▶ _Brief_:
Find the line containing "Line((-19.095588235, 5), (4.904411765, 5))" in the records below. Copy exactly that line and each one after it, ending at the line containing "Rectangle(SKETCH_6_W, SKETCH_6_H)", and nothing more.

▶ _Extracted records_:
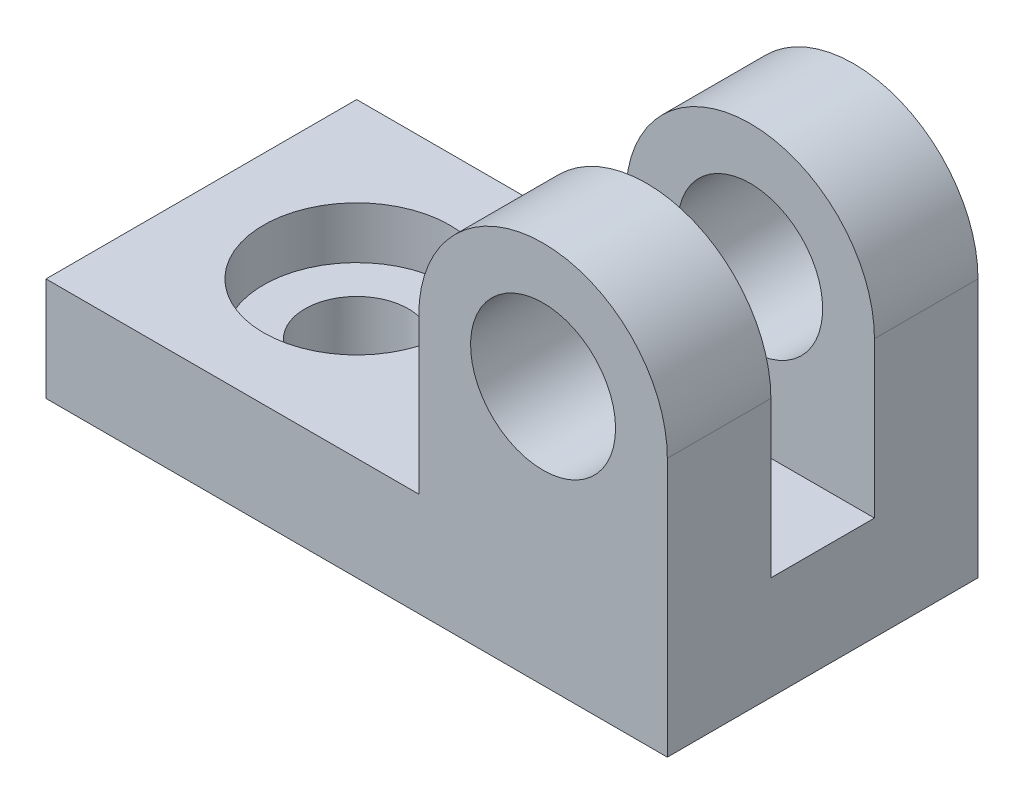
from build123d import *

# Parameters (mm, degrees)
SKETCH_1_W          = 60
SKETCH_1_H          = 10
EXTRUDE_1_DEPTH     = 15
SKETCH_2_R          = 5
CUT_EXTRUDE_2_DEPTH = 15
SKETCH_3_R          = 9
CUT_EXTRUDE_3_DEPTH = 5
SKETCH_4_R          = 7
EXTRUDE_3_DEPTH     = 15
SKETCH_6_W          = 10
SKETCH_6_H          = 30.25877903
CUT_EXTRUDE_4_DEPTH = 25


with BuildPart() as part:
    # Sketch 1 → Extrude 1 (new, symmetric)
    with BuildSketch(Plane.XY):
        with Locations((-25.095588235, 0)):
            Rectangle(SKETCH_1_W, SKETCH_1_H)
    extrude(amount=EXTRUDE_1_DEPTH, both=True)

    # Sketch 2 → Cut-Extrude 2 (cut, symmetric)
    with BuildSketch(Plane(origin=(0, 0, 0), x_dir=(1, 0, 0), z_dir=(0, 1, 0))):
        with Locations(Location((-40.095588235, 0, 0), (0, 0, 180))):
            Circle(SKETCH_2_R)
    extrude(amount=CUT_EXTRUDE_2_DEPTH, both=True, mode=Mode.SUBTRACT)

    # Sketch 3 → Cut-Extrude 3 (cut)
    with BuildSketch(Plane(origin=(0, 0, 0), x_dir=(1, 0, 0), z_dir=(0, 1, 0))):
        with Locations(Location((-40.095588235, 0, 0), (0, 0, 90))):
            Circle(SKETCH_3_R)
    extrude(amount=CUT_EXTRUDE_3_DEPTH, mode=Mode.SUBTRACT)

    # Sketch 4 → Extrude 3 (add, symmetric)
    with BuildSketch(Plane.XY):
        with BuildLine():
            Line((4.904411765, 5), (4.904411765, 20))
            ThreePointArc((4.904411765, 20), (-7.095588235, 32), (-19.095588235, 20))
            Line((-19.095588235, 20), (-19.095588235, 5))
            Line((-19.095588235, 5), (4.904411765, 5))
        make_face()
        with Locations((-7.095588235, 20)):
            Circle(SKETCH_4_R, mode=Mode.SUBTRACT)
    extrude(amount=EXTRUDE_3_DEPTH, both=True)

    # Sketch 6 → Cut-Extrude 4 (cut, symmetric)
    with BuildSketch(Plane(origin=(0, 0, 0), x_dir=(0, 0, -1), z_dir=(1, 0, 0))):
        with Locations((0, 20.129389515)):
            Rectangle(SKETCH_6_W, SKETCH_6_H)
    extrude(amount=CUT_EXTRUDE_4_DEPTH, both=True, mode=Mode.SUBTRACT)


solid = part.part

▶ _Response area_:
            Line((-19.095588235, 5), (4.904411765, 5))
        make_face()
        with Locations((-7.095588235, 20)):
            Circle(SKETCH_4_R, mode=Mode.SUBTRACT)
    extrude(amount=EXTRUDE_3_DEPTH, both=True)

    # Sketch 6 → Cut-Extrude 4 (cut, symmetric)
    with BuildSketch(Plane(origin=(0, 0, 0), x_dir=(0, 0, -1), z_dir=(1, 0, 0))):
        with Locations((0, 20.129389515)):
            Rectangle(SKETCH_6_W, SKETCH_6_H)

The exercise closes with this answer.